(Dataset excerpts)
..............................

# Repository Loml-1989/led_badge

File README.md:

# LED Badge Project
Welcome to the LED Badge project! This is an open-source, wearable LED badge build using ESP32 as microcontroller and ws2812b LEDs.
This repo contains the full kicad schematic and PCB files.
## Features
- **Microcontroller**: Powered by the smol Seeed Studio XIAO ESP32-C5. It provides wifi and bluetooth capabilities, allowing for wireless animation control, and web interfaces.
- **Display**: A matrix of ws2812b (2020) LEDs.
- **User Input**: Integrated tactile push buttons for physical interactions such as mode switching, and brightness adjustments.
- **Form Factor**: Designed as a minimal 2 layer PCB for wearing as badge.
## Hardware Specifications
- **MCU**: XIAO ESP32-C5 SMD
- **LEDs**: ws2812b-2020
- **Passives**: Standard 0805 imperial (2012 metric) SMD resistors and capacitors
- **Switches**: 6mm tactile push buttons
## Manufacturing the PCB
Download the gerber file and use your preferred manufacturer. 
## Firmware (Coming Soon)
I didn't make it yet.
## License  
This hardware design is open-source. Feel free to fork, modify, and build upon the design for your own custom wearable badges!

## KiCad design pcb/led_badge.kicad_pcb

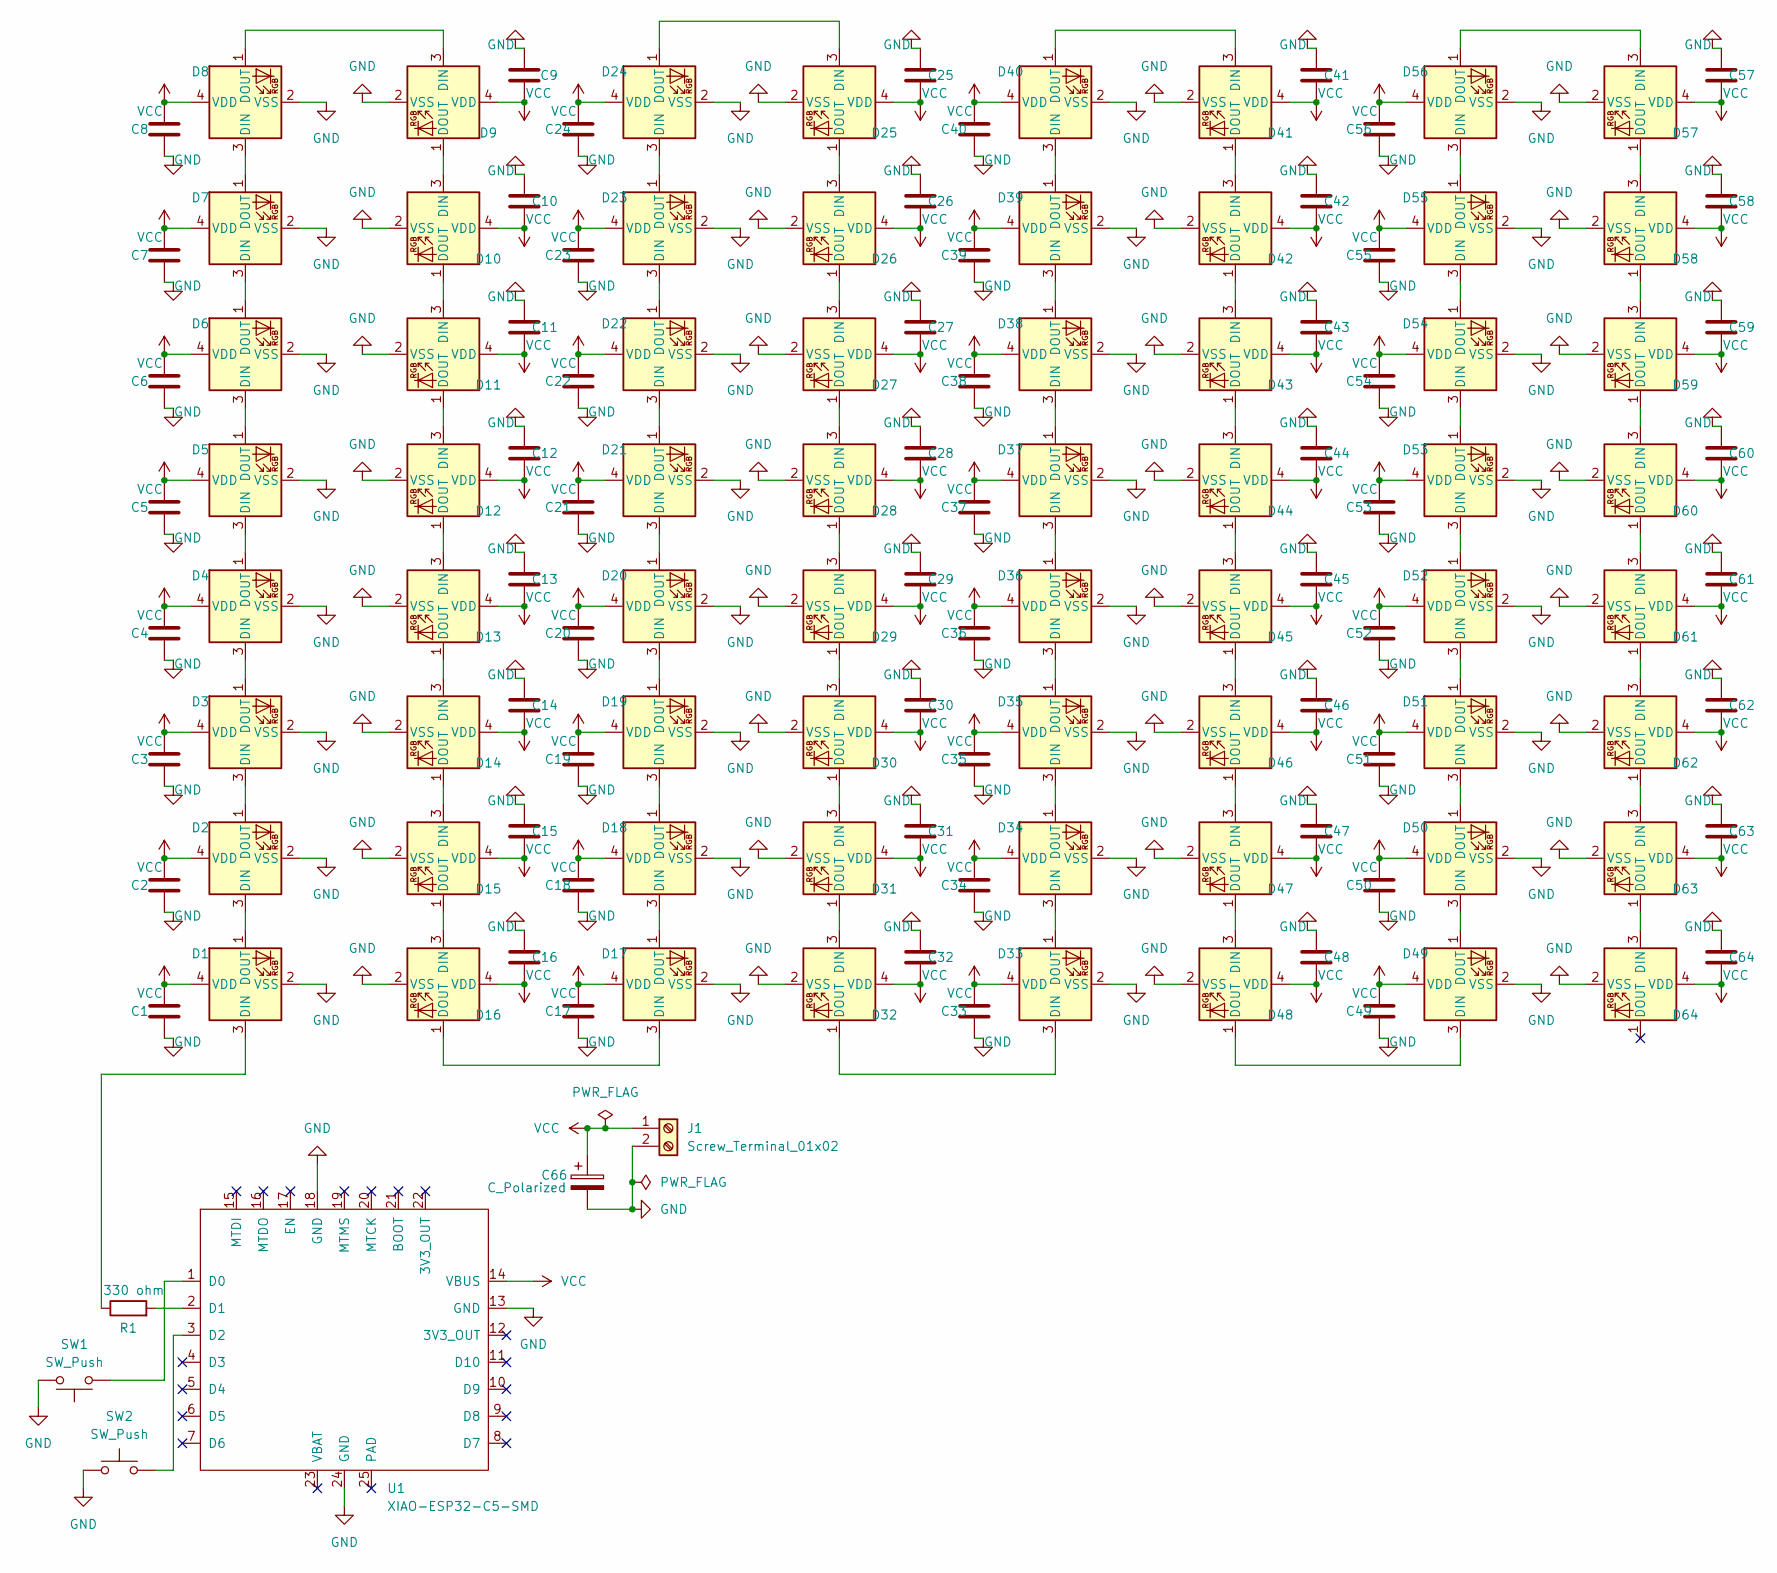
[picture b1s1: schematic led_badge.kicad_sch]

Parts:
C1, C2, C3, C4, C5, C6, C7, C8, C9, C10, C11, C12, C13, C14, C15, C16, C17, C18, C19, C20, C21, C22, C23, C24, C25, C26, C27, C28, C29, C30, C31, C32, C33, C34, C35, C36, C37, C38, C39, C40, C41, C42, C43, C44, C45, C46, C47, C48, C49, C50, C51, C52, C53, C54, C55, C56, C57, C58, C59, C60, C61, C62, C63, C64: 100nF; C_0805_2012Metric
C66: C_Polarized; CP_Radial_D10.0mm_P5.00mm
D1, D2, D3, D4, D5, D6, D7, D8, D9, D10, D11, D12, D13, D14, D15, D16, D17, D18, D19, D20, D21, D22, D23, D24, D25, D26, D27, D28, D29, D30, D31, D32, D33, D34, D35, D36, D37, D38, D39, D40, D41, D42, D43, D44, D45, D46, D47, D48, D49, D50, D51, D52, D53, D54, D55, D56, D57, D58, D59, D60, D61, D62, D63, D64: WS2812B-2020; LED_WS2812B-2020_PLCC4_2.0x2.0mm
J1: Screw_Terminal_01x02; WSON-8-1EP_6x5mm_P1.27mm_EP3.4x4mm
R1: 330 ohm; R_0805_2012Metric
SW1, SW2: SW_Push; SW_PUSH_6mm
U1: XIAO-ESP32-C5-SMD

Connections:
GND: C1.2, C2.2, C3.2, C4.2, C5.2, C6.2, C7.2, C8.2, C9.2, C10.2, C11.2, C12.2, C13.2, C14.2, C15.2, C16.2, C17.2, C18.2, C19.2, C20.2, C21.2, C22.2, C23.2, C24.2, C25.2, C26.2, C27.2, C28.2, C29.2, C30.2, C31.2, C32.2, C33.2, C34.2, C35.2, C36.2, C37.2, C38.2, C39.2, C40.2, C41.2, C42.2, C43.2, C44.2, C45.2, C46.2, C47.2, C48.2, C49.2, C50.2, C51.2, C52.2, C53.2, C54.2, C55.2, C56.2, C57.2, C58.2, C59.2, C60.2, C61.2, C62.2, C63.2, C64.2, C66.2, D1.2 (VSS), D2.2 (VSS), D3.2 (VSS), D4.2 (VSS), D5.2 (VSS), D6.2 (VSS), D7.2 (VSS), D8.2 (VSS), D9.2 (VSS), D10.2 (VSS), D11.2 (VSS), D12.2 (VSS), D13.2 (VSS), D14.2 (VSS), D15.2 (VSS), D16.2 (VSS), D17.2 (VSS), D18.2 (VSS), D19.2 (VSS), D20.2 (VSS), D21.2 (VSS), D22.2 (VSS), D23.2 (VSS), D24.2 (VSS), D25.2 (VSS), D26.2 (VSS), D27.2 (VSS), D28.2 (VSS), D29.2 (VSS), D30.2 (VSS), D31.2 (VSS), D32.2 (VSS), D33.2 (VSS), D34.2 (VSS), D35.2 (VSS), D36.2 (VSS), D37.2 (VSS), D38.2 (VSS), D39.2 (VSS), D40.2 (VSS), D41.2 (VSS), D42.2 (VSS), D43.2 (VSS), D44.2 (VSS), D45.2 (VSS), D46.2 (VSS), D47.2 (VSS), D48.2 (VSS), D49.2 (VSS), D50.2 (VSS), D51.2 (VSS), D52.2 (VSS), D53.2 (VSS), D54.2 (VSS), D55.2 (VSS), D56.2 (VSS), D57.2 (VSS), D58.2 (VSS), D59.2 (VSS), D60.2 (VSS), D61.2 (VSS), D62.2 (VSS), D63.2 (VSS), D64.2 (VSS), J1.2, SW1.2, SW2.1, U1.13 (GND), U1.18 (GND), U1.24 (GND)
unnamed: D1.3 (DIN), R1.1
unnamed: D1.1 (DOUT), D2.3 (DIN)
unnamed: D2.1 (DOUT), D3.3 (DIN)
unnamed: D3.1 (DOUT), D4.3 (DIN)
unnamed: D4.1 (DOUT), D5.3 (DIN)
unnamed: D5.1 (DOUT), D6.3 (DIN)
unnamed: D6.1 (DOUT), D7.3 (DIN)
unnamed: D7.1 (DOUT), D8.3 (DIN)
unnamed: D8.1 (DOUT), D9.3 (DIN)
unnamed: D9.1 (DOUT), D10.3 (DIN)
unnamed: D10.1 (DOUT), D11.3 (DIN)
unnamed: D11.1 (DOUT), D12.3 (DIN)
unnamed: D12.1 (DOUT), D13.3 (DIN)
unnamed: D13.1 (DOUT), D14.3 (DIN)
unnamed: D14.1 (DOUT), D15.3 (DIN)
unnamed: D15.1 (DOUT), D16.3 (DIN)
unnamed: D16.1 (DOUT), D17.3 (DIN)
unnamed: D17.1 (DOUT), D18.3 (DIN)
unnamed: D18.1 (DOUT), D19.3 (DIN)
unnamed: D19.1 (DOUT), D20.3 (DIN)
unnamed: D20.1 (DOUT), D21.3 (DIN)
unnamed: D21.1 (DOUT), D22.3 (DIN)
unnamed: D22.1 (DOUT), D23.3 (DIN)
unnamed: D23.1 (DOUT), D24.3 (DIN)
unnamed: D24.1 (DOUT), D25.3 (DIN)
unnamed: D25.1 (DOUT), D26.3 (DIN)
unnamed: D26.1 (DOUT), D27.3 (DIN)
unnamed: D27.1 (DOUT), D28.3 (DIN)
unnamed: D28.1 (DOUT), D29.3 (DIN)
unnamed: D29.1 (DOUT), D30.3 (DIN)
unnamed: D30.1 (DOUT), D31.3 (DIN)
unnamed: D31.1 (DOUT), D32.3 (DIN)
unnamed: D32.1 (DOUT), D33.3 (DIN)
unnamed: D33.1 (DOUT), D34.3 (DIN)
unnamed: D34.1 (DOUT), D35.3 (DIN)
unnamed: D35.1 (DOUT), D36.3 (DIN)
unnamed: D36.1 (DOUT), D37.3 (DIN)
unnamed: D37.1 (DOUT), D38.3 (DIN)
unnamed: D38.1 (DOUT), D39.3 (DIN)
unnamed: D39.1 (DOUT), D40.3 (DIN)
unnamed: D40.1 (DOUT), D41.3 (DIN)
unnamed: D41.1 (DOUT), D42.3 (DIN)
unnamed: D42.1 (DOUT), D43.3 (DIN)
unnamed: D43.1 (DOUT), D44.3 (DIN)
unnamed: D44.1 (DOUT), D45.3 (DIN)
unnamed: D45.1 (DOUT), D46.3 (DIN)
unnamed: D46.1 (DOUT), D47.3 (DIN)
unnamed: D47.1 (DOUT), D48.3 (DIN)
unnamed: D48.1 (DOUT), D49.3 (DIN)
unnamed: D49.1 (DOUT), D50.3 (DIN)
unnamed: D50.1 (DOUT), D51.3 (DIN)
unnamed: D51.1 (DOUT), D52.3 (DIN)
unnamed: D52.1 (DOUT), D53.3 (DIN)
unnamed: D53.1 (DOUT), D54.3 (DIN)
unnamed: D54.1 (DOUT), D55.3 (DIN)
unnamed: D55.1 (DOUT), D56.3 (DIN)
unnamed: D56.1 (DOUT), D57.3 (DIN)
unnamed: D57.1 (DOUT), D58.3 (DIN)
unnamed: D58.1 (DOUT), D59.3 (DIN)
unnamed: D59.1 (DOUT), D60.3 (DIN)
unnamed: D60.1 (DOUT), D61.3 (DIN)
unnamed: D61.1 (DOUT), D62.3 (DIN)
unnamed: D62.1 (DOUT), D63.3 (DIN)
unnamed: D63.1 (DOUT), D64.3 (DIN)
unnamed: SW1.1, U1.1 (D0)
unnamed: R1.2, U1.2 (D1)
unnamed: SW2.2, U1.3 (D2)
VCC: C1.1, C2.1, C3.1, C4.1, C5.1, C6.1, C7.1, C8.1, C9.1, C10.1, C11.1, C12.1, C13.1, C14.1, C15.1, C16.1, C17.1, C18.1, C19.1, C20.1, C21.1, C22.1, C23.1, C24.1, C25.1, C26.1, C27.1, C28.1, C29.1, C30.1, C31.1, C32.1, C33.1, C34.1, C35.1, C36.1, C37.1, C38.1, C39.1, C40.1, C41.1, C42.1, C43.1, C44.1, C45.1, C46.1, C47.1, C48.1, C49.1, C50.1, C51.1, C52.1, C53.1, C54.1, C55.1, C56.1, C57.1, C58.1, C59.1, C60.1, C61.1, C62.1, C63.1, C64.1, C66.1, D1.4 (VDD), D2.4 (VDD), D3.4 (VDD), D4.4 (VDD), D5.4 (VDD), D6.4 (VDD), D7.4 (VDD), D8.4 (VDD), D9.4 (VDD), D10.4 (VDD), D11.4 (VDD), D12.4 (VDD), D13.4 (VDD), D14.4 (VDD), D15.4 (VDD), D16.4 (VDD), D17.4 (VDD), D18.4 (VDD), D19.4 (VDD), D20.4 (VDD), D21.4 (VDD), D22.4 (VDD), D23.4 (VDD), D24.4 (VDD), D25.4 (VDD), D26.4 (VDD), D27.4 (VDD), D28.4 (VDD), D29.4 (VDD), D30.4 (VDD), D31.4 (VDD), D32.4 (VDD), D33.4 (VDD), D34.4 (VDD), D35.4 (VDD), D36.4 (VDD), D37.4 (VDD), D38.4 (VDD), D39.4 (VDD), D40.4 (VDD), D41.4 (VDD), D42.4 (VDD), D43.4 (VDD), D44.4 (VDD), D45.4 (VDD), D46.4 (VDD), D47.4 (VDD), D48.4 (VDD), D49.4 (VDD), D50.4 (VDD), D51.4 (VDD), D52.4 (VDD), D53.4 (VDD), D54.4 (VDD), D55.4 (VDD), D56.4 (VDD), D57.4 (VDD), D58.4 (VDD), D59.4 (VDD), D60.4 (VDD), D61.4 (VDD), D62.4 (VDD), D63.4 (VDD), D64.4 (VDD), J1.1, U1.14 (VBUS)

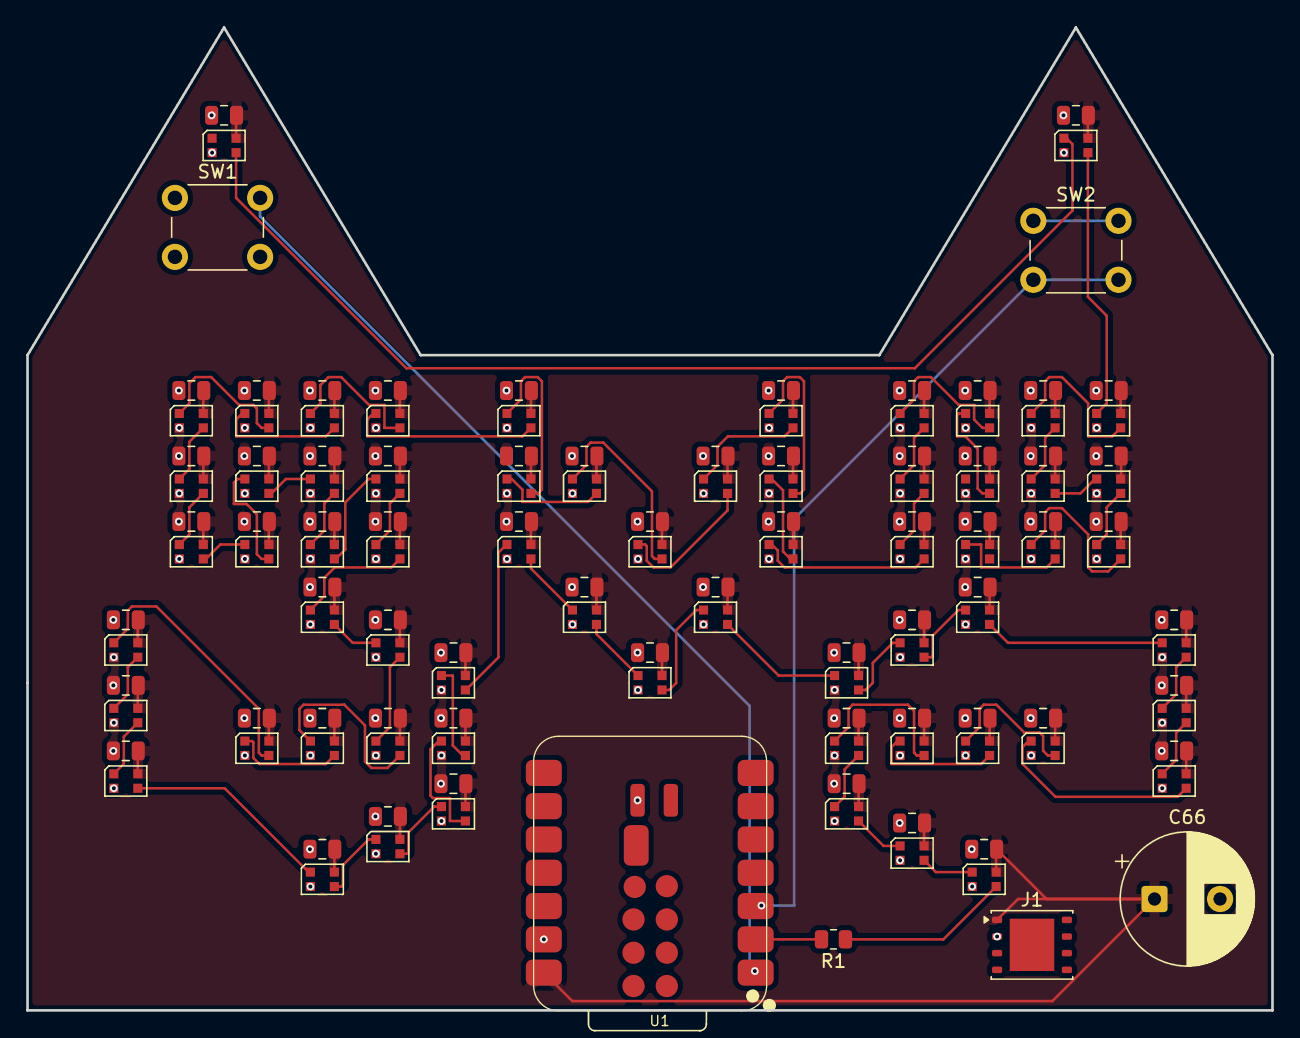
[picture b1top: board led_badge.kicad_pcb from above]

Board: 2 copper layers, 95.0 x 75.0 mm, 134 parts (0 on the bottom side), 69 nets.

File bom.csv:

Id;Designator;Footprint;Quantity;Designation;Price
1;C1, C2, C3, C4, C5, C6, C7, C8, C9, C10, C11, C12, C13, C14, C15, C16, C17, C18, C19, C20, C21, C22, C23, C24, C25, C26, C27, C28, C29, C30, C31, C32, C33, C34, C35, C36, C37, C38, C39, C40, C41, C42, C43, C44, C45, C46, C47, C48, C49, C50, C51, C52, C53, C54, C55, C56, C57, C58, C59, C60, C61, C62, C63, C64;C_0805_2012Metric;64;100nF;$1.00
2;C66;CP_Radial_D10.0mm_P5.00mm;1;C_Polarized;$1.00
3;D1, D2, D3, D4, D5, D6, D7, D8, D9, D10, D11, D12, D13, D14, D15, D16, D17, D18, D19, D20, D21, D22, D23, D24, D25, D26, D27, D28, D29, D30, D31, D32, D33, D34, D35, D36, D37, D38, D39, D40, D41, D42, D43, D44, D45, D46, D47, D48, D49, D50, D51, D52, D53, D54, D55, D56, D57, D58, D59, D60, D61, D62, D63, D64;LED_WS2812B-2020_PLCC4_2.0x2.0mm;64;WS2812B-2020;$8.00
4;J1;WSON-8-1EP_6x5mm_P1.27mm_EP3.4x4mm;1;Screw_Terminal_01x02;
5;R1;R_0805_2012Metric;1;330 ohm;$1.00
6;SW1, SW2;SW_PUSH_6mm;2;SW_Push;$1.00
7;U1;XIAO-ESP32-C5-SMD;1;XIAO-ESP32-C5-SMD;$9.50

..............................

#### [TASK DIRECTIONS]
Set down verbatim only the lines between the start of the data above and the line with "This hardware design", both boundaries included.

#### [SOLUTION TO THE PROBLEM]
# Repository Loml-1989/led_badge

File README.md:

# LED Badge Project
Welcome to the LED Badge project! This is an open-source, wearable LED badge build using ESP32 as microcontroller and ws2812b LEDs.
This repo contains the full kicad schematic and PCB files.
## Features
- **Microcontroller**: Powered by the smol Seeed Studio XIAO ESP32-C5. It provides wifi and bluetooth capabilities, allowing for wireless animation control, and web interfaces.
- **Display**: A matrix of ws2812b (2020) LEDs.
- **User Input**: Integrated tactile push buttons for physical interactions such as mode switching, and brightness adjustments.
- **Form Factor**: Designed as a minimal 2 layer PCB for wearing as badge.
## Hardware Specifications
- **MCU**: XIAO ESP32-C5 SMD
- **LEDs**: ws2812b-2020
- **Passives**: Standard 0805 imperial (2012 metric) SMD resistors and capacitors
- **Switches**: 6mm tactile push buttons
## Manufacturing the PCB
Download the gerber file and use your preferred manufacturer. 
## Firmware (Coming Soon)
I didn't make it yet.
## License  
This hardware design is open-source. Feel free to fork, modify, and build upon the design for your own custom wearable badges!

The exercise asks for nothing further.